**Problem to work on:**
The listing below holds a line with "#61=CARTESIAN_POINT('',(0.,5.,0.));" and a line with "#75=ORIENTED_EDGE('',*,*,#74,.F.);". Reproduce those two lines exactly, plus everything between them.

**Material to process:**

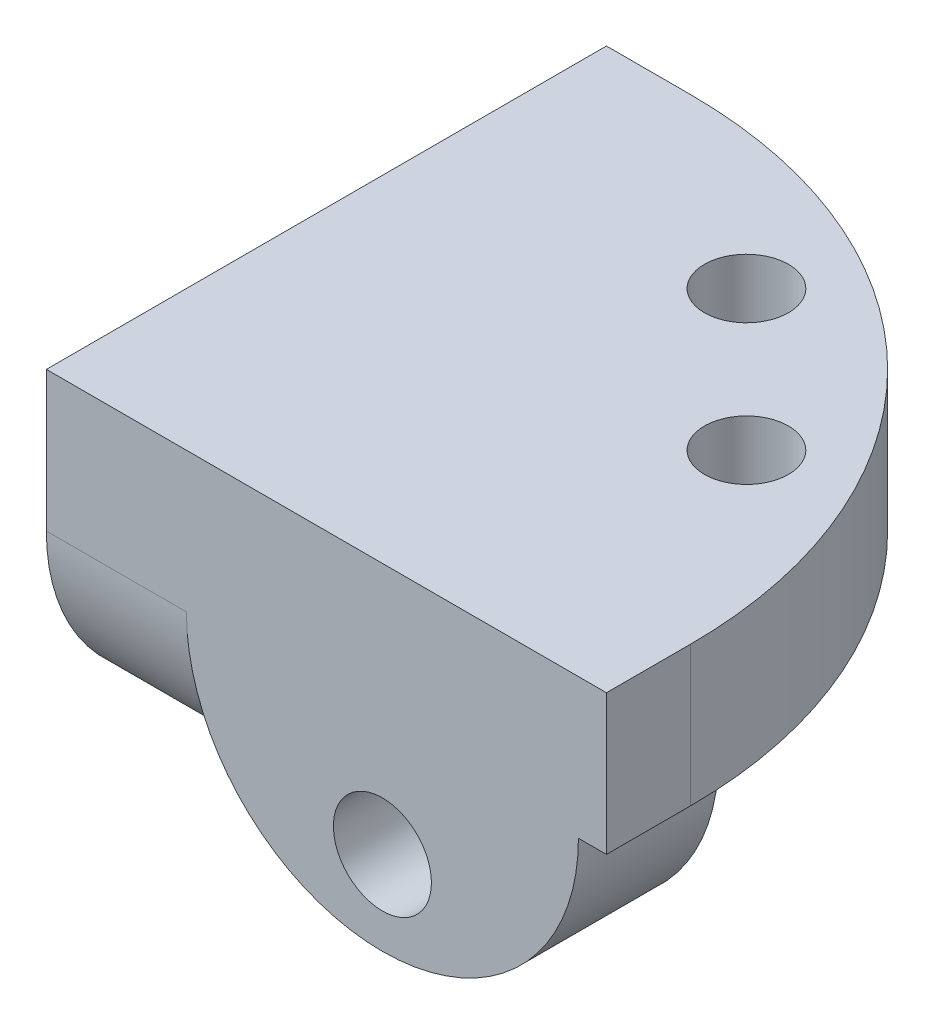
ISO-10303-21;
HEADER;
FILE_DESCRIPTION(('STEP AP214'),'2;1');
FILE_NAME('part.step','',(''),(''),'','','');
FILE_SCHEMA(('AUTOMOTIVE_DESIGN { 1 0 10303 214 1 1 1 1 }'));
ENDSEC;
DATA;
#1=APPLICATION_CONTEXT('core data for automotive mechanical design processes');
#2=APPLICATION_PROTOCOL_DEFINITION('international standard','automotive_design',2000,#1);
#3=PRODUCT_CONTEXT('',#1,'mechanical');
#4=PRODUCT('Part','Part','',(#3));
#5=PRODUCT_RELATED_PRODUCT_CATEGORY('part','',(#4));
#6=PRODUCT_DEFINITION_FORMATION('','',#4);
#7=PRODUCT_DEFINITION_CONTEXT('part definition',#1,'design');
#8=PRODUCT_DEFINITION('design','',#6,#7);
#9=PRODUCT_DEFINITION_SHAPE('','',#8);
#10=(LENGTH_UNIT() NAMED_UNIT(*) SI_UNIT(.MILLI.,.METRE.));
#11=(NAMED_UNIT(*) PLANE_ANGLE_UNIT() SI_UNIT($,.RADIAN.));
#12=(NAMED_UNIT(*) SI_UNIT($,.STERADIAN.) SOLID_ANGLE_UNIT());
#13=UNCERTAINTY_MEASURE_WITH_UNIT(LENGTH_MEASURE(1.E-05),#10,'distance_accuracy_value','');
#14=(GEOMETRIC_REPRESENTATION_CONTEXT(3) GLOBAL_UNCERTAINTY_ASSIGNED_CONTEXT((#13)) GLOBAL_UNIT_ASSIGNED_CONTEXT((#10,
#11,#12)) REPRESENTATION_CONTEXT('',''));
#15=CARTESIAN_POINT('',(0.,0.,0.));
#16=DIRECTION('',(0.,0.,1.));
#17=DIRECTION('',(1.,0.,0.));
#18=AXIS2_PLACEMENT_3D('',#15,#16,#17);
#19=CARTESIAN_POINT('',(0.,5.,0.));
#20=DIRECTION('',(0.,-1.,0.));
#21=DIRECTION('',(0.,0.,-1.));
#22=AXIS2_PLACEMENT_3D('',#19,#20,#21);
#23=PLANE('',#22);
#24=DIRECTION('',(0.,0.,-1.));
#25=VECTOR('',#24,1.);
#26=CARTESIAN_POINT('',(20.,5.,0.));
#27=LINE('',#26,#25);
#28=CARTESIAN_POINT('',(20.,5.,0.));
#29=VERTEX_POINT('',#28);
#30=CARTESIAN_POINT('',(20.,5.,-3.));
#31=VERTEX_POINT('',#30);
#32=EDGE_CURVE('E161',#29,#31,#27,.T.);
#33=ORIENTED_EDGE('',*,*,#32,.T.);
#34=CARTESIAN_POINT('',(3.,5.,-3.));
#35=DIRECTION('',(0.,-1.,0.));
#36=DIRECTION('',(0.,0.,-1.));
#37=AXIS2_PLACEMENT_3D('',#34,#35,#36);
#38=CIRCLE('',#37,17.);
#39=CARTESIAN_POINT('',(3.,5.,-20.));
#40=VERTEX_POINT('',#39);
#41=EDGE_CURVE('E11',#31,#40,#38,.F.);
#42=ORIENTED_EDGE('',*,*,#41,.T.);
#43=DIRECTION('',(-1.,0.,0.));
#44=VECTOR('',#43,1.);
#45=CARTESIAN_POINT('',(0.,5.,-20.));
#46=LINE('',#45,#44);
#47=CARTESIAN_POINT('',(0.,5.,-20.));
#48=VERTEX_POINT('',#47);
#49=EDGE_CURVE('E163',#40,#48,#46,.T.);
#50=ORIENTED_EDGE('',*,*,#49,.T.);
#51=DIRECTION('',(0.,0.,1.));
#52=VECTOR('',#51,1.);
#53=CARTESIAN_POINT('',(0.,5.,0.));
#54=LINE('',#53,#52);
#55=CARTESIAN_POINT('',(0.,5.,0.));
#56=VERTEX_POINT('',#55);
#57=EDGE_CURVE('E155',#48,#56,#54,.T.);
#58=ORIENTED_EDGE('',*,*,#57,.T.);
#59=DIRECTION('',(1.,0.,0.));
#60=VECTOR('',#59,1.);
#61=CARTESIAN_POINT('',(0.,5.,0.));
#62=LINE('',#61,#60);
#63=EDGE_CURVE('E158',#56,#29,#62,.T.);
#64=ORIENTED_EDGE('',*,*,#63,.T.);
#65=EDGE_LOOP('',(#33,#42,#50,#58,#64));
#66=FACE_BOUND('',#65,.T.);
#67=CARTESIAN_POINT('',(10.,5.,-15.));
#68=DIRECTION('',(0.,1.,0.));
#69=DIRECTION('',(0.,0.,1.));
#70=AXIS2_PLACEMENT_3D('',#67,#68,#69);
#71=CIRCLE('',#70,1.5);
#72=CARTESIAN_POINT('',(10.,5.,-13.5));
#73=VERTEX_POINT('',#72);
#74=EDGE_CURVE('E149',#73,#73,#71,.T.);
#75=ORIENTED_EDGE('',*,*,#74,.F.);
#76=EDGE_LOOP('',(#75));
#77=FACE_BOUND('',#76,.T.);
#78=CARTESIAN_POINT('',(15.,5.,-10.));
#79=DIRECTION('',(0.,1.,0.));
#80=DIRECTION('',(0.,0.,1.));
#81=AXIS2_PLACEMENT_3D('',#78,#79,#80);
#82=CIRCLE('',#81,1.5);
#83=CARTESIAN_POINT('',(15.,5.,-8.5));
#84=VERTEX_POINT('',#83);
#85=EDGE_CURVE('E140',#84,#84,#82,.T.);
#86=ORIENTED_EDGE('',*,*,#85,.F.);
#87=EDGE_LOOP('',(#86));
#88=FACE_BOUND('',#87,.T.);
#89=ADVANCED_FACE('F36',(#66,#77,#88),#23,.F.);
#90=CARTESIAN_POINT('',(0.,0.,0.));
#91=DIRECTION('',(0.,-1.,0.));
#92=DIRECTION('',(0.,0.,-1.));
#93=AXIS2_PLACEMENT_3D('',#90,#91,#92);
#94=PLANE('',#93);
#95=DIRECTION('',(-1.,0.,0.));
#96=VECTOR('',#95,1.);
#97=CARTESIAN_POINT('',(0.,0.,-20.));
#98=LINE('',#97,#96);
#99=CARTESIAN_POINT('',(3.,0.,-20.));
#100=VERTEX_POINT('',#99);
#101=CARTESIAN_POINT('',(0.,0.,-20.));
#102=VERTEX_POINT('',#101);
#103=EDGE_CURVE('E159',#100,#102,#98,.T.);
#104=ORIENTED_EDGE('',*,*,#103,.F.);
#105=CARTESIAN_POINT('',(3.,0.,-3.));
#106=DIRECTION('',(0.,-1.,0.));
#107=DIRECTION('',(0.,0.,-1.));
#108=AXIS2_PLACEMENT_3D('',#105,#106,#107);
#109=CIRCLE('',#108,17.);
#110=CARTESIAN_POINT('',(20.,0.,-3.));
#111=VERTEX_POINT('',#110);
#112=EDGE_CURVE('E58',#100,#111,#109,.T.);
#113=ORIENTED_EDGE('',*,*,#112,.T.);
#114=DIRECTION('',(0.,0.,-1.));
#115=VECTOR('',#114,1.);
#116=CARTESIAN_POINT('',(20.,0.,0.));
#117=LINE('',#116,#115);
#118=CARTESIAN_POINT('',(20.,0.,0.));
#119=VERTEX_POINT('',#118);
#120=EDGE_CURVE('E112',#119,#111,#117,.T.);
#121=ORIENTED_EDGE('',*,*,#120,.F.);
#122=DIRECTION('',(1.,0.,0.));
#123=VECTOR('',#122,1.);
#124=CARTESIAN_POINT('',(0.,0.,0.));
#125=LINE('',#124,#123);
#126=CARTESIAN_POINT('',(19.,0.,0.));
#127=VERTEX_POINT('',#126);
#128=EDGE_CURVE('E113',#127,#119,#125,.T.);
#129=ORIENTED_EDGE('',*,*,#128,.F.);
#130=DIRECTION('',(0.,0.,1.));
#131=VECTOR('',#130,1.);
#132=CARTESIAN_POINT('',(19.,0.,-5.));
#133=LINE('',#132,#131);
#134=CARTESIAN_POINT('',(19.,0.,-5.));
#135=VERTEX_POINT('',#134);
#136=EDGE_CURVE('E121',#135,#127,#133,.T.);
#137=ORIENTED_EDGE('',*,*,#136,.F.);
#138=DIRECTION('',(-1.,0.,0.));
#139=VECTOR('',#138,1.);
#140=CARTESIAN_POINT('',(19.,0.,-5.));
#141=LINE('',#140,#139);
#142=CARTESIAN_POINT('',(5.,0.,-5.));
#143=VERTEX_POINT('',#142);
#144=EDGE_CURVE('E142',#135,#143,#141,.T.);
#145=ORIENTED_EDGE('',*,*,#144,.T.);
#146=DIRECTION('',(0.,0.,-1.));
#147=VECTOR('',#146,1.);
#148=CARTESIAN_POINT('',(5.,0.,0.));
#149=LINE('',#148,#147);
#150=CARTESIAN_POINT('',(5.,0.,-14.));
#151=VERTEX_POINT('',#150);
#152=EDGE_CURVE('E133',#143,#151,#149,.T.);
#153=ORIENTED_EDGE('',*,*,#152,.T.);
#154=DIRECTION('',(-1.,0.,0.));
#155=VECTOR('',#154,1.);
#156=CARTESIAN_POINT('',(5.,0.,-14.));
#157=LINE('',#156,#155);
#158=CARTESIAN_POINT('',(0.,0.,-14.));
#159=VERTEX_POINT('',#158);
#160=EDGE_CURVE('E130',#151,#159,#157,.T.);
#161=ORIENTED_EDGE('',*,*,#160,.T.);
#162=DIRECTION('',(0.,0.,1.));
#163=VECTOR('',#162,1.);
#164=CARTESIAN_POINT('',(0.,0.,0.));
#165=LINE('',#164,#163);
#166=EDGE_CURVE('E152',#102,#159,#165,.T.);
#167=ORIENTED_EDGE('',*,*,#166,.F.);
#168=EDGE_LOOP('',(#104,#113,#121,#129,#137,#145,#153,#161,#167));
#169=FACE_BOUND('',#168,.T.);
#170=CARTESIAN_POINT('',(10.,0.,-15.));
#171=DIRECTION('',(0.,1.,0.));
#172=DIRECTION('',(0.,0.,1.));
#173=AXIS2_PLACEMENT_3D('',#170,#171,#172);
#174=CIRCLE('',#173,1.5);
#175=CARTESIAN_POINT('',(10.,0.,-13.5));
#176=VERTEX_POINT('',#175);
#177=EDGE_CURVE('E147',#176,#176,#174,.T.);
#178=ORIENTED_EDGE('',*,*,#177,.T.);
#179=EDGE_LOOP('',(#178));
#180=FACE_BOUND('',#179,.T.);
#181=CARTESIAN_POINT('',(15.,0.,-10.));
#182=DIRECTION('',(0.,1.,0.));
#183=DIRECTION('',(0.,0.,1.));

**Output for this exercise:**
#61=CARTESIAN_POINT('',(0.,5.,0.));
#62=LINE('',#61,#60);
#63=EDGE_CURVE('E158',#56,#29,#62,.T.);
#64=ORIENTED_EDGE('',*,*,#63,.T.);
#65=EDGE_LOOP('',(#33,#42,#50,#58,#64));
#66=FACE_BOUND('',#65,.T.);
#67=CARTESIAN_POINT('',(10.,5.,-15.));
#68=DIRECTION('',(0.,1.,0.));
#69=DIRECTION('',(0.,0.,1.));
#70=AXIS2_PLACEMENT_3D('',#67,#68,#69);
#71=CIRCLE('',#70,1.5);
#72=CARTESIAN_POINT('',(10.,5.,-13.5));
#73=VERTEX_POINT('',#72);
#74=EDGE_CURVE('E149',#73,#73,#71,.T.);
#75=ORIENTED_EDGE('',*,*,#74,.F.);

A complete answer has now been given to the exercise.